What you should do: For the records below, the count of lines that hold "width" is required; give only that number.

+++ Study material +++

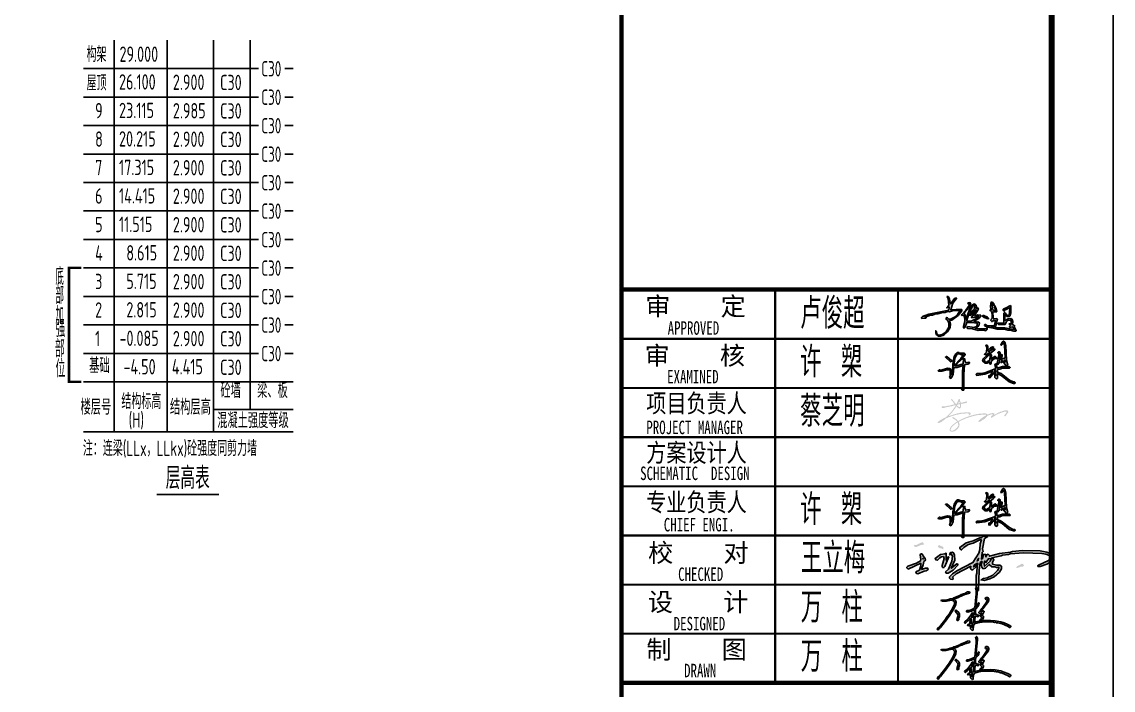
# Model space of a CAD drawing. Extents: x 826826 to 1642106, y -156213 to 399140.
# Drawn here: x 1335561 to 1353319, y 27459 to 38336 of the extents above; entities that cross this region are included whole.
import ezdxf
from ezdxf.enums import TextEntityAlignment as Align

# ---------------------------------------------------------------- set-up
doc = ezdxf.new("R2010")
doc.units = 0
doc.header["$LTSCALE"] = 1000
doc.layers.get('0').update_dxf_attribs({"linetype": 'CONTINUOUS'})
for name, color, linetype in [('-TK', 7, 'CONTINUOUS'), ('S-0-TEXT', 7, 'CONTINUOUS'), ('S-B表格', 2, 'CONTINUOUS'), ('TEXT', 2, 'CONTINUOUS'), ('图签文字', 4, 'CONTINUOUS')]:
    doc.layers.add(name, color=color, linetype=linetype)
doc.layers.add('7549', color=9, linetype='CONTINUOUS', lineweight=18)
doc.layers.add('图框', color=9, linetype='CONTINUOUS', lineweight=18)
doc.styles.add('TSSD_REIN', font='tssdeng.shx', dxfattribs={"width": 0.7, "height": 300, "bigfont": 'tssdchn.shx'})
doc.styles.add('建筑图签-1', font='simhei.ttf', dxfattribs={"width": 0.7})
doc.styles.add('建筑图签-2', font='TXT.shx', dxfattribs={"width": 0.5, "bigfont": 'HZTXT.shx'})

# ---------------------------------------------------------------- blocks, each defined once
blk = doc.blocks.new('A$C6AF37BC7')
h = blk.add_hatch(color=256)
h.paths.add_polyline_path([(660, -48), (672, -48), (678, -96)], flags=16)
h.paths.add_polyline_path([(708, 144), (702, 150), (660, 126), (672, 66), (666, 36), (456, -42), (366, -60), (294, -60), (276, -72), (288, -96), (456, -72), (612, -12), (564, -102), (552, -114), (546, -96), (534, -102), (534, -138), (558, -144), (654, -18), (654, 6), (672, 12), (678, -30), (648, -30), (642, -54), (654, -84), (654, -138), (684, -168), (708, -156), (714, -60), (804, -108), (948, -228), (1038, -258), (1062, -258), (1074, -246), (1056, -228), (1032, -228), (954, -192), (786, -60), (708, -30), (714, 24), (756, 30), (816, 54), (954, 48), (972, 66), (948, 84), (810, 84), (702, 48), (690, 120), (726, 132), (720, 144)])
h.paths.add_polyline_path([(852, 216), (864, 216), (870, 174), (840, 198)], flags=16)
h.paths.add_polyline_path([(-312, 282), (-318, 288), (-336, 288), (-348, 276), (-246, 180), (-222, 192), (-222, 210)], flags=17)
h.paths.add_polyline_path([(546, 330), (552, 330), (564, 300), (558, 216), (486, 174), (462, 180), (438, 222)], flags=16)
h.paths.add_polyline_path([(-102, 342), (-48, 336), (-18, 324), (18, 324), (-36, 246), (-174, 96), (-156, 246), (-132, 306)], flags=16)
h.paths.add_polyline_path([(-66, 366), (-72, 372), (-108, 372), (-138, 342), (-168, 288), (-192, 192), (-204, 18), (-228, -78), (-228, 6), (-258, 42), (-306, 48), (-438, 12), (-456, 12), (-468, 24), (-498, 0), (-486, -12), (-420, -12), (-318, 18), (-270, 18), (-252, -6), (-252, -102), (-264, -138), (-240, -156), (-216, -132), (-192, -72), (-174, 60), (-108, 66), (12, 108), (0, 0), (0, -366), (-18, -342), (-24, -372), (-6, -396), (24, -396), (24, -78), (42, 120), (108, 132), (132, 144), (144, 162), (132, 174), (66, 162), (48, 210), (48, 240), (18, 240), (12, 138), (-144, 90), (-114, 138), (-24, 228), (54, 330), (36, 354), (-18, 354)])
h.paths.add_polyline_path([(756, 378), (750, 384), (732, 384), (714, 366), (732, 360), (738, 324), (714, 180), (714, 156), (726, 144), (750, 162), (762, 366)])
h.paths.add_polyline_path([(498, 516), (492, 522), (474, 516), (492, 474), (486, 378), (444, 336), (468, 324), (552, 366), (426, 246), (408, 210), (414, 192), (462, 150), (504, 150), (552, 180), (552, 138), (570, 132), (582, 150), (588, 198), (666, 258), (648, 246), (690, 240), (702, 258), (666, 294), (588, 240), (588, 324), (564, 348), (630, 402), (654, 426), (654, 438), (636, 444), (534, 390), (576, 432), (618, 456), (630, 480), (606, 486), (570, 462), (516, 408), (516, 492)])
h.paths.add_polyline_path([(846, 594), (840, 600), (828, 600), (798, 570), (780, 522), (792, 516), (840, 570), (852, 516), (864, 264), (840, 246), (792, 246), (786, 258), (804, 294), (804, 324), (786, 330), (756, 264), (756, 240), (810, 204), (786, 174), (792, 162), (822, 186), (888, 102), (900, 96), (918, 114), (894, 216), (882, 510), (870, 570)])
at = {"linetype": 'Continuous'}
for points in [[(498, 516), (492, 522), (474, 516), (492, 474), (486, 378), (444, 336), (468, 324), (552, 366), (426, 246), (408, 210), (414, 192), (462, 150), (504, 150), (552, 180), (552, 138), (570, 132), (582, 150), (588, 198), (666, 258), (648, 246), (690, 240), (702, 258), (666, 294), (588, 240), (588, 324), (564, 348), (630, 402), (654, 426), (654, 438), (636, 444), (534, 390), (576, 432), (618, 456), (630, 480), (606, 486), (570, 462), (516, 408), (516, 492), (498, 516)], [(846, 594), (840, 600), (828, 600), (798, 570), (780, 522), (792, 516), (840, 570), (852, 516), (864, 264), (840, 246), (792, 246), (786, 258), (804, 294), (804, 324), (786, 330), (756, 264), (756, 240), (810, 204), (786, 174), (792, 162), (822, 186), (888, 102), (900, 96), (918, 114), (894, 216), (882, 510), (870, 570), (846, 594)], [(-66, 366), (-72, 372), (-108, 372), (-138, 342), (-168, 288), (-192, 192), (-204, 18), (-228, -78), (-228, 6), (-258, 42), (-306, 48), (-438, 12), (-456, 12), (-468, 24), (-498, 0), (-486, -12), (-420, -12), (-318, 18), (-270, 18), (-252, -6), (-252, -102), (-264, -138), (-240, -156), (-216, -132), (-192, -72), (-174, 60), (-108, 66), (12, 108), (0, 0), (0, -366), (-18, -342), (-24, -372), (-6, -396), (24, -396), (24, -78), (42, 120), (108, 132), (132, 144), (144, 162), (132, 174), (66, 162), (48, 210), (48, 240), (18, 240), (12, 138), (-144, 90), (-114, 138), (-24, 228), (54, 330), (36, 354), (-18, 354), (-66, 366)], [(-312, 282), (-318, 288), (-336, 288), (-348, 276), (-246, 180), (-222, 192), (-222, 210), (-312, 282)], [(-102, 342), (-48, 336), (-18, 324), (18, 324), (-36, 246), (-174, 96), (-156, 246), (-132, 306), (-102, 342)], [(546, 330), (552, 330), (564, 300), (558, 216), (486, 174), (462, 180), (438, 222), (546, 330)], [(756, 378), (750, 384), (732, 384), (714, 366), (732, 360), (738, 324), (714, 180), (714, 156), (726, 144), (750, 162), (762, 366), (756, 378)], [(708, 144), (702, 150), (660, 126), (672, 66), (666, 36), (456, -42), (366, -60), (294, -60), (276, -72), (288, -96), (456, -72), (612, -12), (564, -102), (552, -114), (546, -96), (534, -102), (534, -138), (558, -144), (654, -18), (654, 6), (672, 12), (678, -30), (648, -30), (642, -54), (654, -84), (654, -138), (684, -168), (708, -156), (714, -60), (804, -108), (948, -228), (1038, -258), (1062, -258), (1074, -246), (1056, -228), (1032, -228), (954, -192), (786, -60), (708, -30), (714, 24), (756, 30), (816, 54), (954, 48), (972, 66), (948, 84), (810, 84), (702, 48), (690, 120), (726, 132), (720, 144), (708, 144)], [(852, 216), (864, 216), (870, 174), (840, 198), (852, 216)], [(660, -48), (672, -48), (678, -96), (660, -48)]]:
    blk.add_lwpolyline(points, dxfattribs=at)
blk = doc.blocks.new('ljc')
at = {"linetype": 'Continuous'}
h = blk.add_hatch(color=0, dxfattribs=at)
h.paths.add_polyline_path([(2022.8, 1567.7), (2018.8, 1563.7), (2019.8, 1561.7), (2023.8, 1561.7), (2021.8, 1551.7), (1954.8, 1537.7), (1932.8, 1529.7), (1929.8, 1526.7), (1928.8, 1524.7), (1930.8, 1522.7), (1943.8, 1523.7), (1945.8, 1525.7), (1941.8, 1527.7), (1959.8, 1534.7), (1966.8, 1534.7), (1974.8, 1537.7), (1984.8, 1538.7), (1997.8, 1542.7), (2009.8, 1543.7), (2017.8, 1546.7), (2024.8, 1545.7), (2034.8, 1548.7), (2060.8, 1549.7), (2051.8, 1536.7), (2041.8, 1527.7), (2027.8, 1520.7), (2022.8, 1520.7), (2017.8, 1525.7), (2014.8, 1526.7), (2012.8, 1524.7), (2012.8, 1520.7), (2018.8, 1515.7), (2021.8, 1507.7), (2021.8, 1493.7), (2011.8, 1476.7), (1999.8, 1468.7), (1987.8, 1466.7), (1981.8, 1472.7), (1979.8, 1479.7), (1977.8, 1481.7), (1977.8, 1474.7), (1980.8, 1467.7), (1987.8, 1462.7), (1993.8, 1462.7), (2004.8, 1466.7), (2017.8, 1477.7), (2026.8, 1492.7), (2027.8, 1503.7), (2024.8, 1516.7), (2032.8, 1517.7), (2053.8, 1532.7), (2066.8, 1548.7), (2066.8, 1551.7), (2063.8, 1554.7), (2028.8, 1552.7), (2035.8, 1574.7), (2048.8, 1590.7), (2046.8, 1592.7), (2042.8, 1591.7), (2027.8, 1572.7), (2024.8, 1588.7), (2020.8, 1596.7), (2017.8, 1598.7), (2016.8, 1596.7), (2019.8, 1589.7)])
h.paths.add_polyline_path([(2080.8, 1521.7), (2080.8, 1527.7), (2074.8, 1540.7), (2092.8, 1561.7), (2096.8, 1571.7), (2093.8, 1576.7), (2086.8, 1575.7), (2088.8, 1571.7), (2091.8, 1571.7), (2090.8, 1566.7), (2079.8, 1550.7), (2065.8, 1536.7), (2064.8, 1534.7), (2066.8, 1532.7), (2072.8, 1534.7), (2076.8, 1522.7), (2076.8, 1512.7), (2071.8, 1495.7), (2071.8, 1491.7), (2073.8, 1489.7), (2077.8, 1493.7), (2082.8, 1509.7), (2098.8, 1509.7), (2118.8, 1506.7), (2118.8, 1499.7), (2115.8, 1495.7), (2107.8, 1492.7), (2086.8, 1495.7), (2083.8, 1491.7), (2086.8, 1488.7), (2102.8, 1487.7), (2121.8, 1482.7), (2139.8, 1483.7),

+++

Task response: 3